◆ **DATA TO EXAMINE**
::::

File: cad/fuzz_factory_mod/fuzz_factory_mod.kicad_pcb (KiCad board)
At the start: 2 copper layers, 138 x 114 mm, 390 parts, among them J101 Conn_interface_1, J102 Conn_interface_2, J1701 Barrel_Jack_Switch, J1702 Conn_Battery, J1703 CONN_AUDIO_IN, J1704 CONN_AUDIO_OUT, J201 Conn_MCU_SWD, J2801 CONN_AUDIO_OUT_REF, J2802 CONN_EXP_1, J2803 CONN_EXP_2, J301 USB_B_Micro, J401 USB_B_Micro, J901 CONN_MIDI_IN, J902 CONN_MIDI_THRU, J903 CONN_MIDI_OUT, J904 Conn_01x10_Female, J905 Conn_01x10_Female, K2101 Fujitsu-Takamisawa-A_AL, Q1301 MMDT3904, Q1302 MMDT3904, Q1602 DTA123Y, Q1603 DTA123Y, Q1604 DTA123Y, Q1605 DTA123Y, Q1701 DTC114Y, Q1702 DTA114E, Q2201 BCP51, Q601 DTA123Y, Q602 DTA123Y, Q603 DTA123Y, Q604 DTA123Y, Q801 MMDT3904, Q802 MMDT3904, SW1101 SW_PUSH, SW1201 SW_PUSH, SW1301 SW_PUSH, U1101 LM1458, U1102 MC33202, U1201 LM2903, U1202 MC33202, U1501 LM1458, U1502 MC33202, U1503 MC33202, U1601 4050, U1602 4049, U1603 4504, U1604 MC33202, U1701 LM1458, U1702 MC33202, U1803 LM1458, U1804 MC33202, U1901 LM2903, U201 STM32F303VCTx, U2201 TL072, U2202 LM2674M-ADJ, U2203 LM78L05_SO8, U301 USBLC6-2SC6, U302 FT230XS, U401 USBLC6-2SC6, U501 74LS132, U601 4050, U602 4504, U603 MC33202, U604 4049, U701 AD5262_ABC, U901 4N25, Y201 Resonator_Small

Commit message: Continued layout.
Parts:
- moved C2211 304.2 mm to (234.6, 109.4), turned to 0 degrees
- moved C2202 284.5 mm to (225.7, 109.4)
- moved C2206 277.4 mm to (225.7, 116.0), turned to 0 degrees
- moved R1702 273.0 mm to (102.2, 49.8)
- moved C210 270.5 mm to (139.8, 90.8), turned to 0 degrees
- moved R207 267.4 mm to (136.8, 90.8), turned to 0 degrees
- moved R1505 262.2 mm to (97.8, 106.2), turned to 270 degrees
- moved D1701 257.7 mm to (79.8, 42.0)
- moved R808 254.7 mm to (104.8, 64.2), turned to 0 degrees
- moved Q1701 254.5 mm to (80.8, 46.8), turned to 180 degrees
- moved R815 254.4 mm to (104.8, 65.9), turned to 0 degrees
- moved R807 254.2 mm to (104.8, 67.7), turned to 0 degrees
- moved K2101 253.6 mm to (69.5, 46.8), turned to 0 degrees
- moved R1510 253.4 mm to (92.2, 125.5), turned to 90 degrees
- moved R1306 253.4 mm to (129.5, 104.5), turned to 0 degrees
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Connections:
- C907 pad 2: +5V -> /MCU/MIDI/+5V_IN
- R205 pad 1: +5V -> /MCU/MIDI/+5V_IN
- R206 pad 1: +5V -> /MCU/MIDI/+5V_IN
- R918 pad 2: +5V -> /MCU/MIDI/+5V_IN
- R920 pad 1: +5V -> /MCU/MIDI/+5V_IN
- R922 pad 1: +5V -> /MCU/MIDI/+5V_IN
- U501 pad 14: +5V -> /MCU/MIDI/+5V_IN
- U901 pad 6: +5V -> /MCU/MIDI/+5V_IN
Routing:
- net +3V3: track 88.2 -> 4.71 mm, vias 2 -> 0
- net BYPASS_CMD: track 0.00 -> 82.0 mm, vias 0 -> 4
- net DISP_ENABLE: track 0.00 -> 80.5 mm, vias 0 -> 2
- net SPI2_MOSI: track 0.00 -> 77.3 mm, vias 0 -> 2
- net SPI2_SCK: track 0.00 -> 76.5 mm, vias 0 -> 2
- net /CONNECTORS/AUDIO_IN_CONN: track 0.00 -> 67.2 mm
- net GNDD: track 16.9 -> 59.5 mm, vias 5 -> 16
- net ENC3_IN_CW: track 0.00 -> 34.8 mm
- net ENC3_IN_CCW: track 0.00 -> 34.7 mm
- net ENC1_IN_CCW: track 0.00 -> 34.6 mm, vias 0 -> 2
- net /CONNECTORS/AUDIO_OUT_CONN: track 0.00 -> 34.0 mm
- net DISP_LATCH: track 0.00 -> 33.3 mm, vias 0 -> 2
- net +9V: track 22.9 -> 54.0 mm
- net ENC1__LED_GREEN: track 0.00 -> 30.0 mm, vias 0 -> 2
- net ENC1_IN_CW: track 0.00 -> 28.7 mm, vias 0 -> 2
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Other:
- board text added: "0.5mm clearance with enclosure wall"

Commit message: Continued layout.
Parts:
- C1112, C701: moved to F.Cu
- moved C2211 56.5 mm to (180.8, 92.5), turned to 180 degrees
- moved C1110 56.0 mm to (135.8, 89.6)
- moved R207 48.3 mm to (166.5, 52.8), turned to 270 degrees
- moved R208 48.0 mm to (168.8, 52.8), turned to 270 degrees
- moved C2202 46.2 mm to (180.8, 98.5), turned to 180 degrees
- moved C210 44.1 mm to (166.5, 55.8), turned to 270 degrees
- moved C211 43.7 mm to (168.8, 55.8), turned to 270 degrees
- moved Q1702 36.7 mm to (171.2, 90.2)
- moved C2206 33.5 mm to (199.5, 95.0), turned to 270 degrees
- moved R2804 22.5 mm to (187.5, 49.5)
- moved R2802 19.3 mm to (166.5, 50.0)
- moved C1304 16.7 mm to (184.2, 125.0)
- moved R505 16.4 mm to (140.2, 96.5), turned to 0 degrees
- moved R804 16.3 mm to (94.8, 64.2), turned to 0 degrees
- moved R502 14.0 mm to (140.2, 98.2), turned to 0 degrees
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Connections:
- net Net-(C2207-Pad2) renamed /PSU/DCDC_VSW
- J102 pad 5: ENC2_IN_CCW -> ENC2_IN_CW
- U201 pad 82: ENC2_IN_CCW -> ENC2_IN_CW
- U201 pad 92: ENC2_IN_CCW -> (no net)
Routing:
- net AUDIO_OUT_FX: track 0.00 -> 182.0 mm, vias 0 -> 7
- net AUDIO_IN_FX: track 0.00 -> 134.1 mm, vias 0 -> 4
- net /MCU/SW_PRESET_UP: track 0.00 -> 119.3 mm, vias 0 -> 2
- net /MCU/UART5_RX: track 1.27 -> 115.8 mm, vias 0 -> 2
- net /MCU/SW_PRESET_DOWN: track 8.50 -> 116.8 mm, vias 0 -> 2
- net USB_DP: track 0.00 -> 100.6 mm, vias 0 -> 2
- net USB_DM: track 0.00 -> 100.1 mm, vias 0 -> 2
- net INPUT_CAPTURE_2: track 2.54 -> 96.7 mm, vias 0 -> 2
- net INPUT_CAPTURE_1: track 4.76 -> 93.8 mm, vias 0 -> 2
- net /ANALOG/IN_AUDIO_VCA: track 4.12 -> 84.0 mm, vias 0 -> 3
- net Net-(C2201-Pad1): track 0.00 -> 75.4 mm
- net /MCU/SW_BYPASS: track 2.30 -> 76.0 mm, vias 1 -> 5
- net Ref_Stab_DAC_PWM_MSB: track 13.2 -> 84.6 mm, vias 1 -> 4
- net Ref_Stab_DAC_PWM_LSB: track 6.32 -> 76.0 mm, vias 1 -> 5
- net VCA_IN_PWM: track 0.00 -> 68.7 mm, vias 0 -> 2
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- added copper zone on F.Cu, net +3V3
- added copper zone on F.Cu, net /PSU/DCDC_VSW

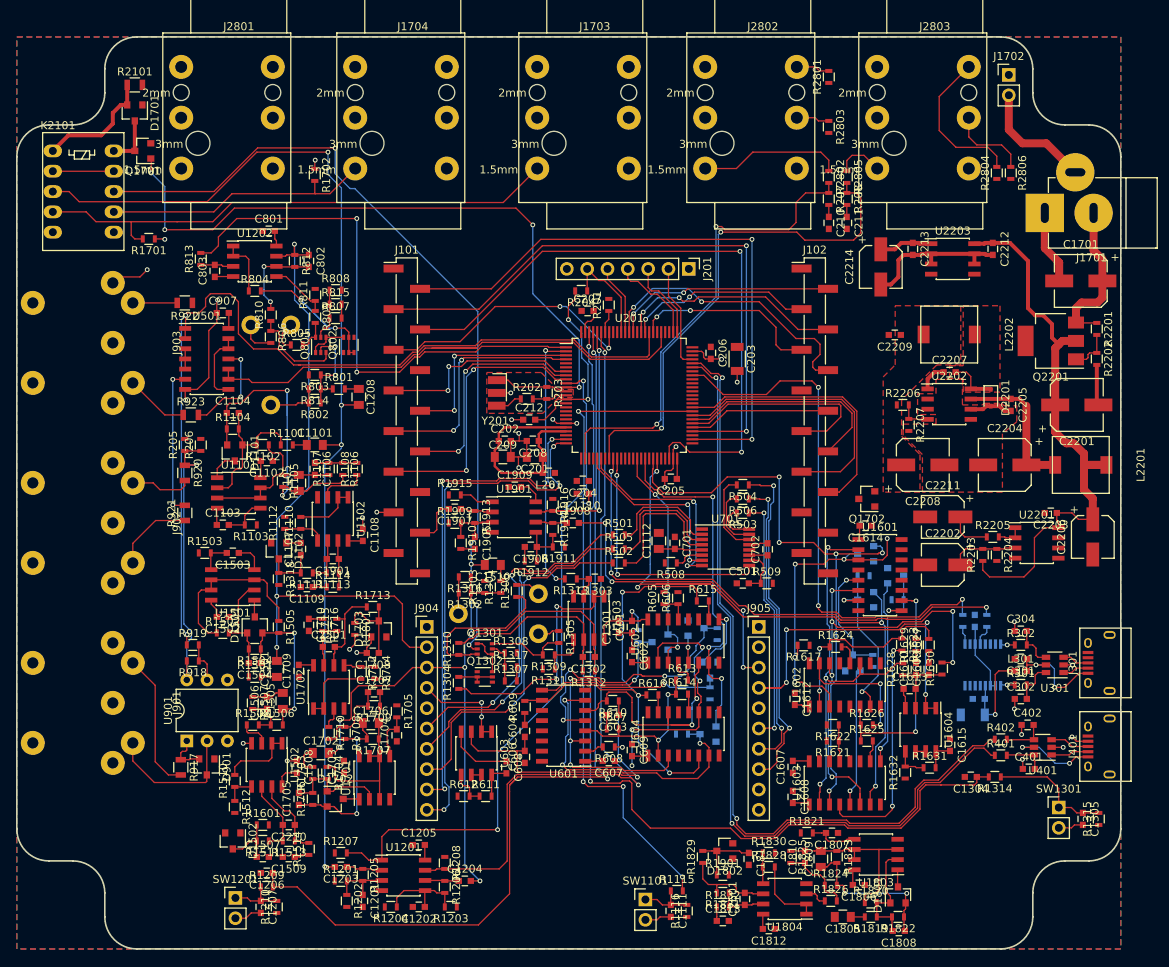
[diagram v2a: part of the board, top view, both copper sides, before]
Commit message: Continued layout. Started power planes.
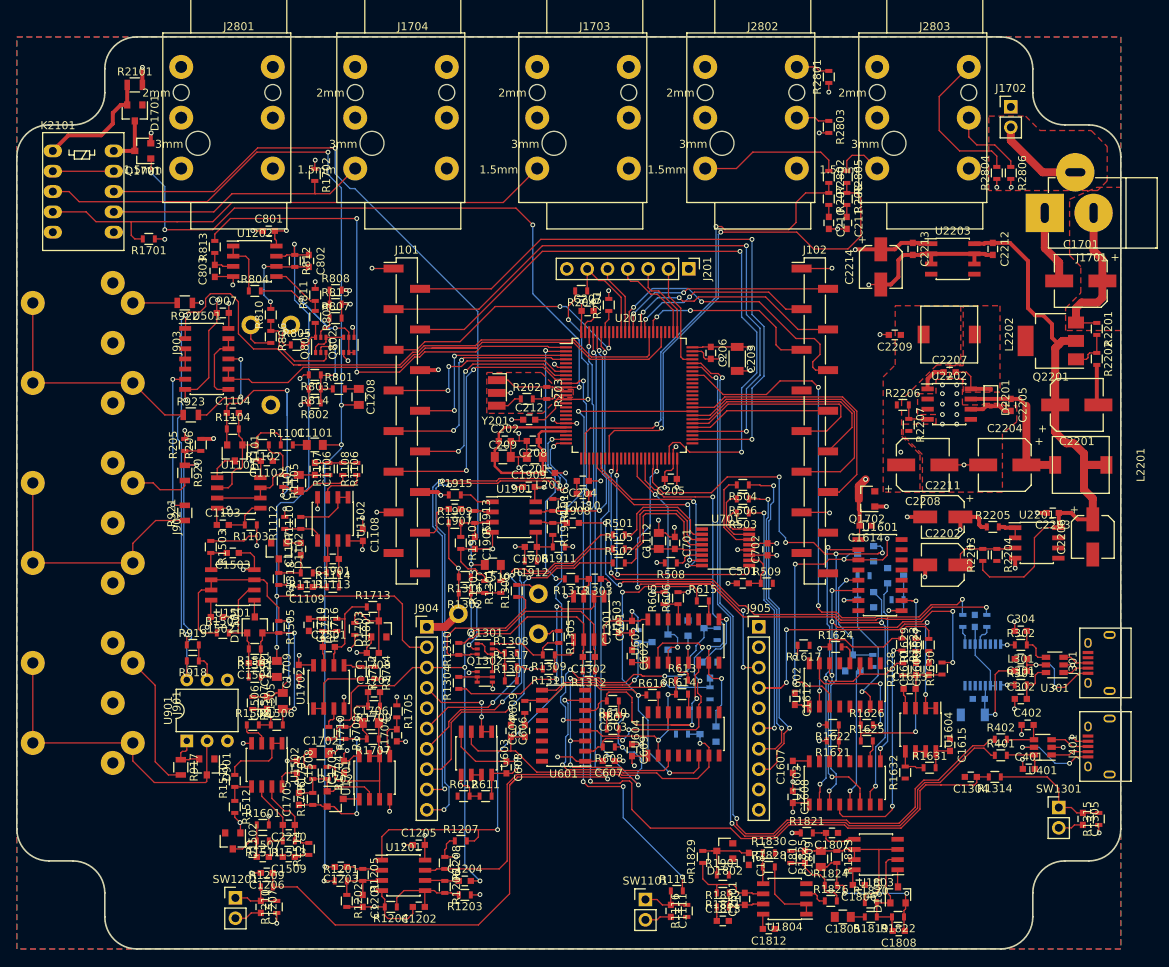
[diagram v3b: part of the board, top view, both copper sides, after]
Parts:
- moved R1207 15.1 mm to (120.5, 133.0)
- moved J1702 4.01 mm to (189.2, 41.2)
- moved C606 3.69 mm to (126.8, 119.2), turned to 270 degrees
- moved R1203 2.30 mm to (121.0, 139.8)
- moved R813 2.30 mm to (89.8, 58.8)
- moved C1909 1.75 mm to (129.0, 88.8)
- moved R2205 1.25 mm to (187.0, 93.8)
- moved R1503 1.06 mm to (89.2, 96.2), turned to 270 degrees
- moved C1502 0.75 mm to (90.0, 105.0)
- moved C2203 0.25 mm to (194.5, 92.0)
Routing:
- net +3V3: track 9.09 -> 612.9 mm, vias 0 -> 20
- net +9V: track 74.6 -> 559.0 mm, vias 2 -> 26
- net VCOM: track 5.48 -> 189.3 mm, vias 0 -> 4
- net +BATT: track 19.3 -> 161.9 mm, vias 0 -> 1
- net +5V: track 6.67 -> 117.2 mm, vias 0 -> 3
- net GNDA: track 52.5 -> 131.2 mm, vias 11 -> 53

::::

◆ **EXERCISE REQUIREMENTS**
Look back over the records above. Reproduce exactly everything from the line with "- net USB_DM: track" down to the line with "- moved R1503", inclusive, and leave the pictures out.

◆ **SOLUTION TO THE PROBLEM**
- net USB_DM: track 0.00 -> 100.1 mm, vias 0 -> 2
- net INPUT_CAPTURE_2: track 2.54 -> 96.7 mm, vias 0 -> 2
- net INPUT_CAPTURE_1: track 4.76 -> 93.8 mm, vias 0 -> 2
- net /ANALOG/IN_AUDIO_VCA: track 4.12 -> 84.0 mm, vias 0 -> 3
- net Net-(C2201-Pad1): track 0.00 -> 75.4 mm
- net /MCU/SW_BYPASS: track 2.30 -> 76.0 mm, vias 1 -> 5
- net Ref_Stab_DAC_PWM_MSB: track 13.2 -> 84.6 mm, vias 1 -> 4
- net Ref_Stab_DAC_PWM_LSB: track 6.32 -> 76.0 mm, vias 1 -> 5
- net VCA_IN_PWM: track 0.00 -> 68.7 mm, vias 0 -> 2
- added copper zone on F.Cu, net +3V3
- added copper zone on F.Cu, net /PSU/DCDC_VSW

[diagram v2a: part of the board, top view, both copper sides, before]
Commit message: Continued layout. Started power planes.
[diagram v3b: part of the board, top view, both copper sides, after]
Parts:
- moved R1207 15.1 mm to (120.5, 133.0)
- moved J1702 4.01 mm to (189.2, 41.2)
- moved C606 3.69 mm to (126.8, 119.2), turned to 270 degrees
- moved R1203 2.30 mm to (121.0, 139.8)
- moved R813 2.30 mm to (89.8, 58.8)
- moved C1909 1.75 mm to (129.0, 88.8)
- moved R2205 1.25 mm to (187.0, 93.8)
- moved R1503 1.06 mm to (89.2, 96.2), turned to 270 degrees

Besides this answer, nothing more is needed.